Call: lm(formula = I(alldeaths/150) ~ I((NDAM/40000)/(vfromC(Category)/vfromC(1))^2) * MasFem + I((NDAM/40000)/(vfromC(Category)/vfromC(1))^2):I((Year - 1990)/10), data = Data) Residuals: Min 1Q Median 3Q Max -0.45177 -0.05030 -0.02915 0.00788 1.51405 Coefficients: Estimate (Intercept) 0.0299784 I((NDAM/40000)/(vfromC(Category)/vfromC(1))^2) 0.8358198 MasFem 0.0008459 I((NDAM/40000)/(vfromC(Category)/vfromC(1))^2):MasFem 0.0457350 I((NDAM/40000)/(vfromC(Category)/vfromC(1))^2):I((Year - 1990)/10) -0.1577365 Std. Error (Intercept) 0.0621153 I((NDAM/40000)/(vfromC(Category)/vfromC(1))^2) 0.4158438 MasFem 0.0080992 I((NDAM/40000)/(vfromC(Category)/vfromC(1))^2):MasFem 0.0500918 I((NDAM/40000)/(vfromC(Category)/vfromC(1))^2):I((Year - 1990)/10) 0.0605482 t value (Intercept) 0.483 I((NDAM/40000)/(vfromC(Category)/vfromC(1))^2) 2.010 MasFem 0.104 I((NDAM/40000)/(vfromC(Category)/vfromC(1))^2):MasFem 0.913 I((NDAM/40000)/(vfromC(Category)/vfromC(1))^2):I((Year - 1990)/10) -2.605 Pr(>|t|) (Intercept) 0.6306 I((NDAM/40000)/(vfromC(Category)/vfromC(1))^2) 0.0475 * MasFem 0.9171 I((NDAM/40000)/(vfromC(Category)/vfromC(1))^2):MasFem 0.3638 I((NDAM/40000)/(vfromC(Category)/vfromC(1))^2):I((Year - 1990)/10) 0.0108 * --- Signif. codes: 0 ‘***’ 0.001 ‘**’ 0.01 ‘*’ 0.05 ‘.’ 0.1 ‘ ’ 1 Residual standard error: 0.2108 on 87 degrees of freedom Multiple R-squared: 0.4282, Adjusted R-squared: 0.4019 F-statistic: 16.29 on 4 and 87 DF, p-value: 5.4e-10

I’ve gotten ahold of the pay-walled PNAS article, and see that they only count US deaths, so my change for hurricane Isaac might not be correct. whatever, it seems that they probably have problems with their counts anyway, a proper bayesian model would certainly have an errors-in-variables component.

The biggest issue though is that they seem to have created their NDAM variable by converting the damage to the prediction for the 2013 damage that would have occurred if the hurricane hit the same spot at that time.

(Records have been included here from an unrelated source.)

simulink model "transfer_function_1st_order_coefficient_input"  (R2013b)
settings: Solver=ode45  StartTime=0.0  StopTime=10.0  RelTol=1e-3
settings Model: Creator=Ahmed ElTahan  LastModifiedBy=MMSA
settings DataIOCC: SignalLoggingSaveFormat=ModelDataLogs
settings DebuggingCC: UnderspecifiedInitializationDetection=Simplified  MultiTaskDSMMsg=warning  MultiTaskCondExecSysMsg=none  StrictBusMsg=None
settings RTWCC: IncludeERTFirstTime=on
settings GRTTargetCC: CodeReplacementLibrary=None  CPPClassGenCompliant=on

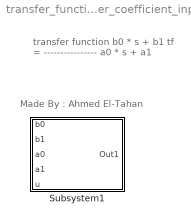
== system transfer_function_1st_order_coefficient_input ==
  note: Made By : Ahmed El-Tahan
  note: transfer function
      |       b0 * s + b1
      | tf = ----------------
      |       a0 * s + a1
  Subsystem1 : Subsystem

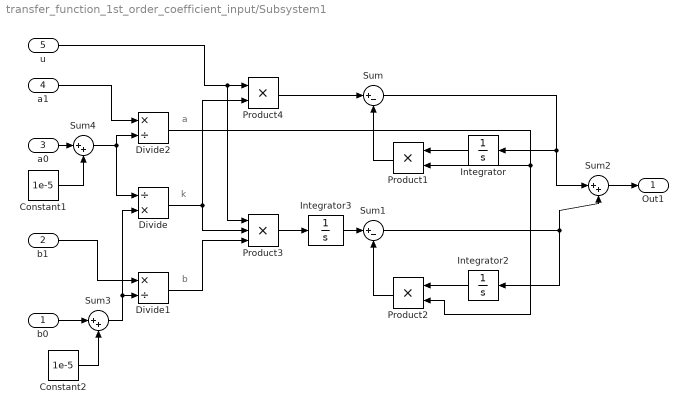
== system transfer_function_1st_order_coefficient_input/Subsystem1 ==
  note: b
  note: a
  note: k
  b0 : Inport
  b1 : Inport  Port=2
  a0 : Inport  Port=3
  a1 : Inport  Port=4
  u : Inport  Port=5
  Constant1 : Constant  Value=1e-5
  Constant2 : Constant  Value=1e-5
  Divide : Product  Inputs=/*
  Divide1 : Product  Inputs=*/
  Divide2 : Product  Inputs=*/
  Integrator : Integrator
  Integrator2 : Integrator
  Integrator3 : Integrator
  Product1 : Product
  Product2 : Product
  Product3 : Product  Inputs=3
  Product4 : Product
  Sum : Sum  Inputs=|+-
  Sum1 : Sum  Inputs=|+-
  Sum2 : Sum  Inputs=|++
  Sum3 : Sum  Inputs=|++
  Sum4 : Sum  Inputs=|++
  Out1 : Outport
  wires:
  Integrator/1 -> Product1/1
  Product1/1 -> Sum/2
  Sum/1 -> Sum2/1, Integrator/1
  Product4/1 -> Sum/1
  b1/1 -> Divide1/1
  a1/1 -> Divide2/1
  Divide2/1 -> Product2/2, Product1/2
  Divide1/1 -> Product3/3
  Integrator2/1 -> Product2/1
  Product2/1 -> Sum1/2
  Sum1/1 -> Sum2/2, Integrator2/1
  Integrator3/1 -> Sum1/1
  Product3/1 -> Integrator3/1
  Divide/1 -> Product4/2, Product3/2
  u/1 -> Product4/1, Product3/1
  Sum2/1 -> Out1/1
  Constant2/1 -> Sum3/2
  b0/1 -> Sum3/1
  Sum3/1 -> Divide/2, Divide1/2
  a0/1 -> Sum4/1
  Sum4/1 -> Divide2/2, Divide/1
  Constant1/1 -> Sum4/2

That’s pretty broken, since it has to do with what the population and building stock are in 2013 which is irrelevant to the actual hurricane.

Unfortunately, they don’t include an un-normalized damage estimate, which we could simply divide by CPI to get a constant dollar amount. but I would expect if that happened, my model would fit even better.